AIM OF THE TASK: Copy each line in the data that includes the word "length".

═══ DATA RECORDS

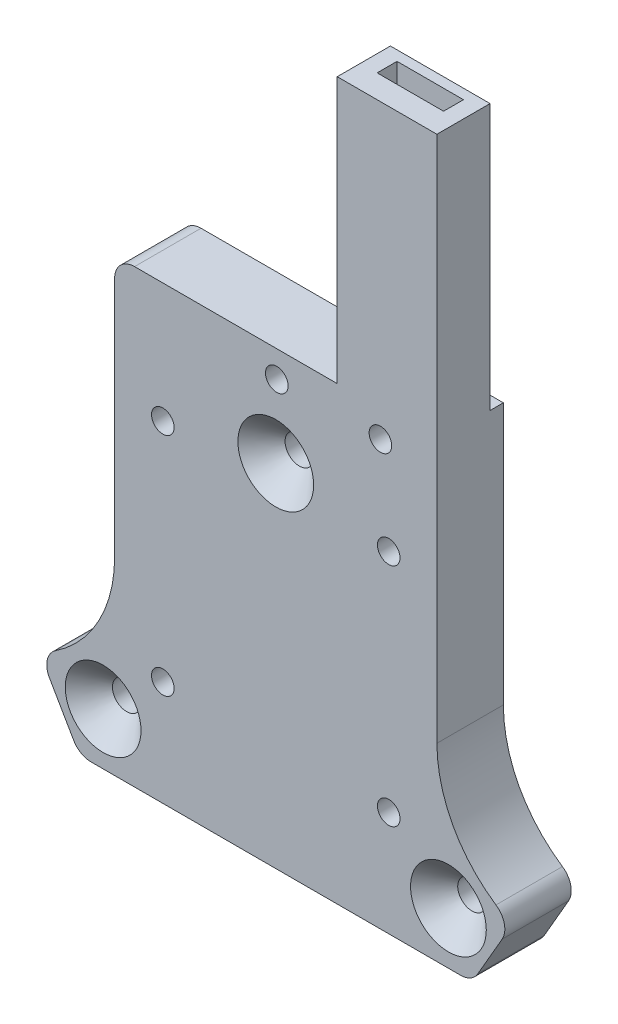
from build123d import *

# Parameters (mm, degrees)
SKETCH2_R                                       = 7.5
BOSS_EXTRUDE1_DEPTH                             = 10
CSK_FOR_M4_FLAT_HEAD_MACHINE_SCREW1_D           = 4.3
CSK_FOR_M4_FLAT_HEAD_MACHINE_SCREW1_CSINK_D     = 11.4
CSK_FOR_M4_FLAT_HEAD_MACHINE_SCREW1_CSINK_ANGLE = 90
FILLET1_R                                       = 20
CIRPATTERN2_COUNT                               = 3
FILLET2_R                                       = 3
SKETCH47_R                                      = 1.7
CUT_EXTRUDE1_DEPTH                              = 58.559983963
SKETCH49_W                                      = 15
SKETCH49_H                                      = 10
SKETCH49_W_2                                    = 10
SKETCH49_H_2                                    = 3
BOSS_EXTRUDE2_DEPTH                             = 40
CHAMFER1_SIZE                                   = 2
BOSS_EXTRUDE3_REACH                             = 78.74
SKETCH51_W                                      = 3
SKETCH51_H                                      = 10
BOSS_EXTRUDE4_DEPTH                             = 10
SKETCH48_R                                      = 1.7
CUT_EXTRUDE2_DEPTH                              = 93.266742447
CHAMFER4_SIZE                                   = 2
CHAMFER3_SIZE                                   = 2
SKETCH53_R                                      = 15.5
CUT_EXTRUDE3_DEPTH                              = 1.5
SKETCH54_R                                      = 7.5
BOSS_EXTRUDE5_DEPTH                             = 8.5
CUT_EXTRUDE4_DEPTH                              = 93.266742447


with BuildPart() as part:
    # Sketch2 → Boss-Extrude1 (new body)
    with BuildSketch(Plane.XY):
        Polygon((-24.25, 45), (24.25, 45), (24.25, -5.917840259), (35.54293994, -12.437822174), (29.54293994, -22.830127019), (-29.54293994, -22.830127019), (-35.54293994, -12.437822174), (-24.25, -5.917840259), align=None)
        Circle(SKETCH2_R, mode=Mode.SUBTRACT)
    extrude(amount=BOSS_EXTRUDE1_DEPTH)

    # CSK for M4 Flat Head Machine Screw1 (through all)
    with Locations(Plane.XY.offset(10)):
        with Locations((-25.980762114, -15), (0, 30), (25.980762114, -15)):
            CounterSinkHole(CSK_FOR_M4_FLAT_HEAD_MACHINE_SCREW1_D / 2, CSK_FOR_M4_FLAT_HEAD_MACHINE_SCREW1_CSINK_D / 2, counter_sink_angle=CSK_FOR_M4_FLAT_HEAD_MACHINE_SCREW1_CSINK_ANGLE)

    # Fillet1
    fillet1_edges = [part.edges().sort_by_distance(p)[0] for p in [
        (24.25, -5.917840259, 5),
        (-24.25, -5.917840259, 5),
    ]]
    fillet(fillet1_edges, radius=FILLET1_R)

    # Sketch46 → tool ball cutout (revolve, cut)
    with BuildSketch(Plane(origin=(0, 30, 0), x_dir=(1, 0, 0), z_dir=(0, 1, 0))):
        with BuildLine():
            Line((0, 5.3), (0, -4.7))
            ThreePointArc((0, -4.7), (-5, 0.3), (0, 5.3))
        make_face()
    tool_ball_cutout = revolve(axis=Axis((0, 30, 0), (0, 0, -1)), mode=Mode.SUBTRACT)

    # CirPattern2: tool ball cutout ×3 about axis
    cirpattern2_axis = Axis((0, 0, 0), (0, 0, 1))
    for i in range(1, CIRPATTERN2_COUNT):
        add(tool_ball_cutout.rotate(cirpattern2_axis, i * 360 / CIRPATTERN2_COUNT), mode=Mode.SUBTRACT)

    # Fillet2
    fillet2_edges = [part.edges().sort_by_distance(p)[0] for p in [
        (24.25, 45, 5),
        (-24.25, 45, 5),
        (-29.54293994, -22.830127019, 5),
        (-35.54293994, -12.437822174, 5),
        (29.54293994, -22.830127019, 5),
        (35.54293994, -12.437822174, 5),
    ]]
    fillet(fillet2_edges, radius=FILLET2_R)

    # Sketch47 → Cut-Extrude1 (cut, through all)
    with BuildSketch(Plane(origin=(0, 0, 0), x_dir=(-1, 0, 0), z_dir=(0, 0, -1))):
        with Locations((-17, 27)):
            Circle(SKETCH47_R)
        with Locations((17, 27)):
            Circle(SKETCH47_R)
        with Locations((17, -7)):
            Circle(SKETCH47_R)
        with Locations((-17, -7)):
            Circle(SKETCH47_R)
    extrude(amount=-CUT_EXTRUDE1_DEPTH, mode=Mode.SUBTRACT)

    # Sketch49 → Boss-Extrude2 (add)
    with BuildSketch(Plane(origin=(0, 45, 0), x_dir=(1, 0, 0), z_dir=(0, 1, 0))):
        with Locations((16.75, -5)):
            Rectangle(SKETCH49_W, SKETCH49_H)
        with Locations((16.75, -5)):
            Rectangle(SKETCH49_W_2, SKETCH49_H_2, mode=Mode.SUBTRACT)
    extrude(amount=BOSS_EXTRUDE2_DEPTH)

    # Chamfer1
    chamfer1_edges = [part.edges().sort_by_distance(p)[0] for p in [
        (18.7, -7, 0),
        (-15.3, -7, 0),
        (-15.3, 27, 0),
        (18.7, 27, 0),
    ]]
    chamfer(chamfer1_edges, length=CHAMFER1_SIZE)

    # Sketch51 → Boss-Extrude3 (add, up to next)
    with BuildSketch(Plane.XZ.offset(-45), mode=Mode.PRIVATE) as boss_extrude3_sk1:
        with Locations((22.75, 5)):
            Rectangle(SKETCH51_W, SKETCH51_H)
    boss_extrude3_tool1 = extrude(boss_extrude3_sk1.sketch, amount=BOSS_EXTRUDE3_REACH, mode=Mode.PRIVATE) - part.part
    add(boss_extrude3_tool1.solids().sort_by_distance((22.75, 45, 5))[0])

    # Sketch52 → Boss-Extrude4 (add)
    with BuildSketch(Plane.XY.offset(10)):
        with BuildLine():
            Line((24.25, 45), (31.75, 45))
            Line((31.75, 45), (31.75, -9.983329871))
            ThreePointArc((31.75, -9.983329871), (26.222243623, -3.031088913), (24.25, 5.629165125))
            Line((24.25, 5.629165125), (24.25, 45))
        make_face()
    extrude(amount=-BOSS_EXTRUDE4_DEPTH)

    # Sketch48 → Cut-Extrude2 (cut, through all)
    with BuildSketch(Plane.XY.offset(10)):
        with Locations((0.150338606, 41)):
            Circle(SKETCH48_R)
        with Locations((15.750338606, 41)):
            Circle(SKETCH48_R)
    extrude(amount=-CUT_EXTRUDE2_DEPTH, mode=Mode.SUBTRACT)

    # Chamfer4
    chamfer4_edges = [part.edges().sort_by_distance(p)[0] for p in [
        (-1.549661394, 41, 0),
        (14.050338606, 41, 0),
    ]]
    chamfer(chamfer4_edges, length=CHAMFER4_SIZE)

    # Chamfer3
    chamfer3_edges = [part.edges().sort_by_distance(p)[0] for p in [
        (16.75, 85, 0),
        (9.25, 65, 0),
        (24.25, 65, 0),
    ]]
    chamfer(chamfer3_edges, length=CHAMFER3_SIZE)

    # Sketch53 → Cut-Extrude3 (cut)
    with BuildSketch(Plane(origin=(0, 0, 0), x_dir=(-1, 0, 0), z_dir=(0, 0, -1))):
        Circle(SKETCH53_R)
    extrude(amount=-CUT_EXTRUDE3_DEPTH, mode=Mode.SUBTRACT)

    # Sketch54 → Boss-Extrude5 (add)
    with BuildSketch(Plane(origin=(0, 0, 1.5), x_dir=(-1, 0, 0), z_dir=(0, 0, -1))):
        Circle(SKETCH54_R)
    extrude(amount=-BOSS_EXTRUDE5_DEPTH)

    # Sketch55 → Cut-Extrude4 (cut, through all)
    with BuildSketch(Plane(origin=(0, 0, 0), x_dir=(-1, 0, 0), z_dir=(0, 0, -1))):
        with BuildLine():
            Line((-24.25, 45), (-24.25, 5.629165125))
            ThreePointArc((-24.25, 5.629165125), (-26.222243623, -3.031088913), (-31.75, -9.983329871))
            Line((-31.75, -9.983329871), (-31.75, 45))
            Line((-31.75, 45), (-24.25, 45))
        make_face()
    extrude(amount=-CUT_EXTRUDE4_DEPTH, mode=Mode.SUBTRACT)


solid = part.part
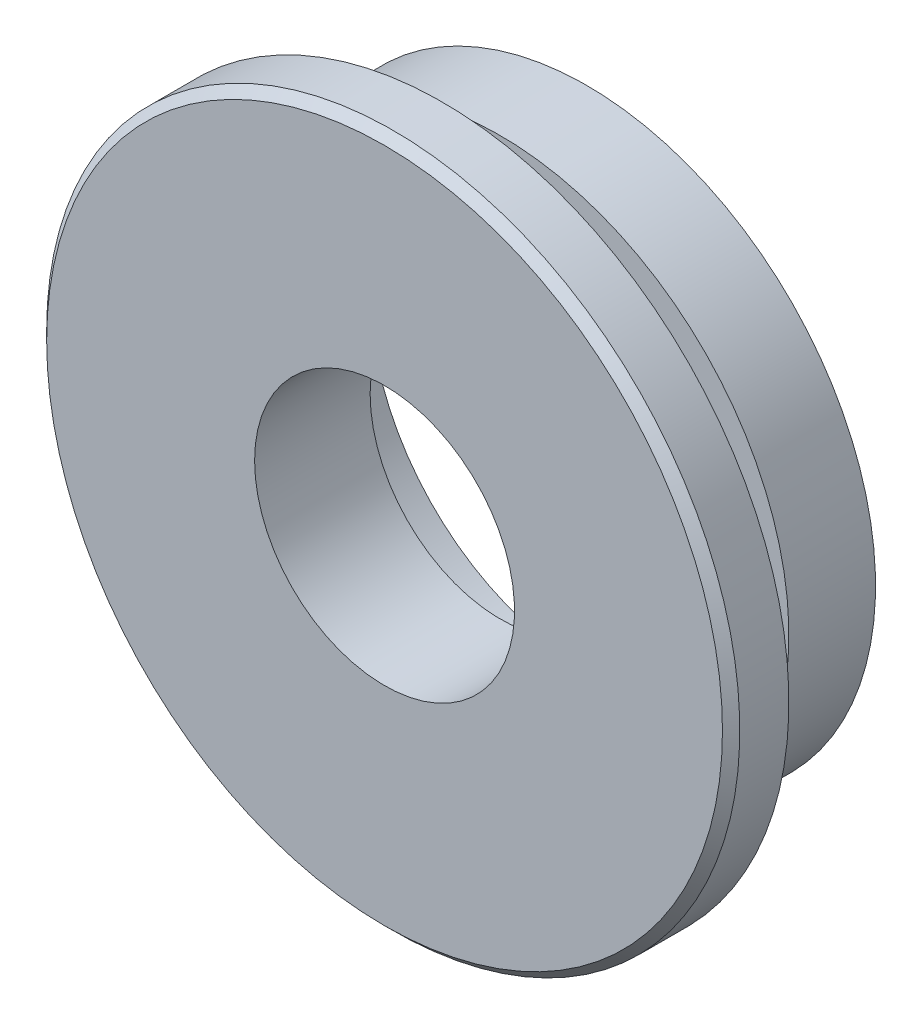
from build123d import *


with BuildPart() as part:
    # Эскиз2 → Повернуть1 (revolve)
    with BuildSketch(Plane(origin=(0, 0, 0), x_dir=(1, 0, 0), z_dir=(0, 1, 0))):
        Polygon((-4.5, 0), (-11.7, 0), (-12, 0.3), (-12, 2), (-9, 2), (-9, 4), (-10, 4), (-10, 7), (-7.5, 7), (-7.5, 4), (-4.5, 4), align=None)
    revolve(axis=Axis((0, 0, -7), (0, 0, 1)))


solid = part.part
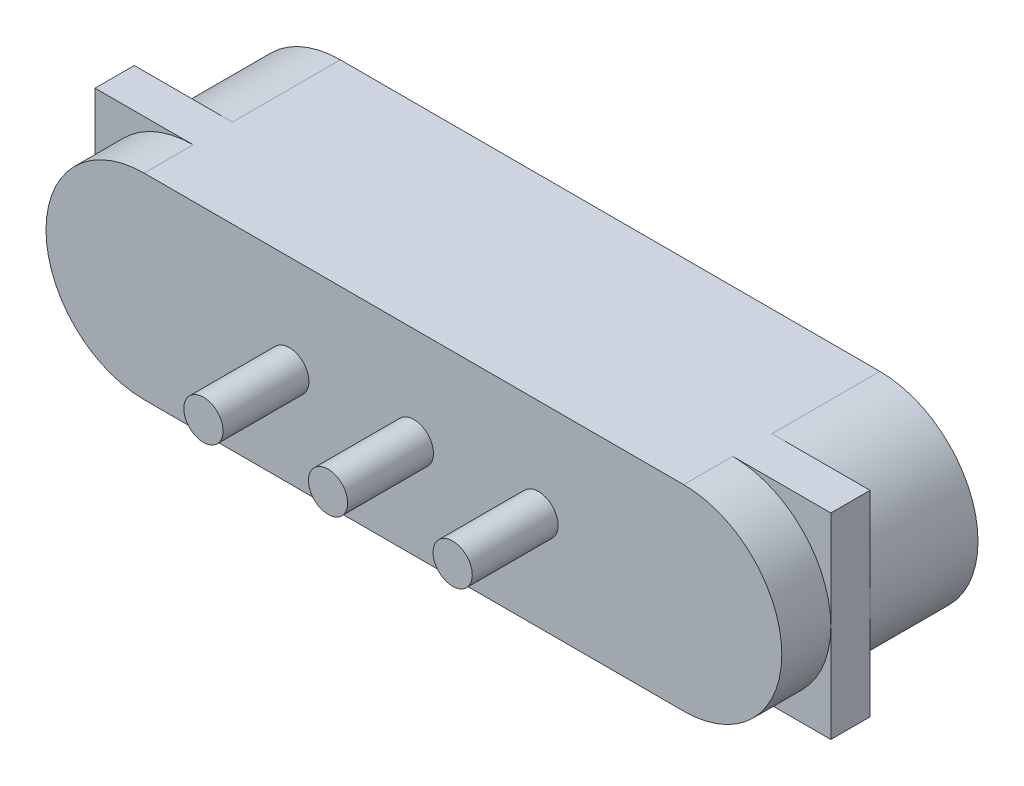
from build123d import *

# Parameters (mm, degrees)
EXTRUDE_1_DEPTH     = 4
EXTRUDE_START       = -2.2
SKETCH_2_W          = 15
SKETCH_2_H          = 4
EXTRUDE_2_DEPTH     = 0.8
SKETCH_3_R          = 0.5
EXTRUDE_3_DEPTH     = 1
FILLET_1_R          = 0.5
SKETCH_4_R          = 0.4
EXTRUDE_4_DEPTH     = 1.75
CUT_EXTRUDE_START   = 1.75
CUT_EXTRUDE_1_DEPTH = 1.75
SKETCH_8_R          = 0.5
CUT_EXTRUDE_2_DEPTH = 0.1


with BuildPart() as part:
    # 草图1 → 凸台-拉伸1 (new body)
    with BuildSketch(Plane.XY):
        with BuildLine():
            Line((0, 2), (11, 2))
            ThreePointArc((11, 2), (13, 0), (11, -2))
            Line((11, -2), (0, -2))
            ThreePointArc((0, -2), (-2, 0), (0, 2))
        make_face()
    extrude(amount=EXTRUDE_1_DEPTH)

    # 草图2 → 凸台-拉伸2 (add)
    with BuildSketch(Plane(origin=(0, 0, 0), x_dir=(-1, 0, 0), z_dir=(0, 0, -1)).offset(EXTRUDE_START)):
        with Locations((-5.5, 0)):
            Rectangle(SKETCH_2_W, SKETCH_2_H)
    extrude(amount=-EXTRUDE_2_DEPTH)

    # 草图3 → 凸台-拉伸3 (add)
    with BuildSketch(Plane(origin=(0, 0, 0), x_dir=(-1, 0, 0), z_dir=(0, 0, -1))):
        with Locations(Location((-8.04, 0, 0), (0, 0, 180))):
            Circle(SKETCH_3_R)
        with Locations(Location((-5.5, 0, 0), (0, 0, 180))):
            Circle(SKETCH_3_R)
        with Locations(Location((-2.96, 0, 0), (0, 0, 180))):
            Circle(SKETCH_3_R)
    extrude(amount=EXTRUDE_3_DEPTH)

    # 圆角1
    fillet_1_edges = [part.edges().sort_by_distance(p)[0] for p in [
        (7.54, 0, -1),
        (5, 0, -1),
        (2.46, 0, -1),
    ]]
    fillet(fillet_1_edges, radius=FILLET_1_R)

    # 草图4 → 凸台-拉伸4 (add)
    with BuildSketch(Plane.XY.offset(4)):
        with Locations((2.96, 0)):
            Circle(SKETCH_4_R)
        with Locations((5.5, 0)):
            Circle(SKETCH_4_R)
        with Locations((8.04, 0)):
            Circle(SKETCH_4_R)
    extrude(amount=EXTRUDE_4_DEPTH)

    # 草图7 → 切除-拉伸1 (cut)
    with BuildSketch(Plane(origin=(0, 0, 0), x_dir=(-1, 0, 0), z_dir=(0, 0, -1)).offset(CUT_EXTRUDE_START)):
        with BuildLine():
            Line((0, 2), (-11, 2))
            ThreePointArc((-11, 2), (-13, 0), (-11, -2))
            Line((-11, -2), (0, -2))
            ThreePointArc((0, -2), (2, 0), (0, 2))
        make_face()
    extrude(amount=-CUT_EXTRUDE_1_DEPTH, mode=Mode.SUBTRACT)

    # 草图8 → 切除-拉伸2 (cut)
    with BuildSketch(Plane(origin=(0, 0, 0), x_dir=(-1, 0, 0), z_dir=(0, 0, -1))):
        with Locations((-8.04, 0)):
            Circle(SKETCH_8_R)
        with Locations((-5.5, 0)):
            Circle(SKETCH_8_R)
        with Locations((-2.96, 0)):
            Circle(SKETCH_8_R)
    extrude(amount=-CUT_EXTRUDE_2_DEPTH, mode=Mode.SUBTRACT)


solid = part.part

══════

WRITTEN REPLY:
    chamfer(chamfer1_edges, length=CHAMFER1_SIZE)
    chamfer(chamfer4_edges, length=CHAMFER4_SIZE)
    chamfer(chamfer3_edges, length=CHAMFER3_SIZE)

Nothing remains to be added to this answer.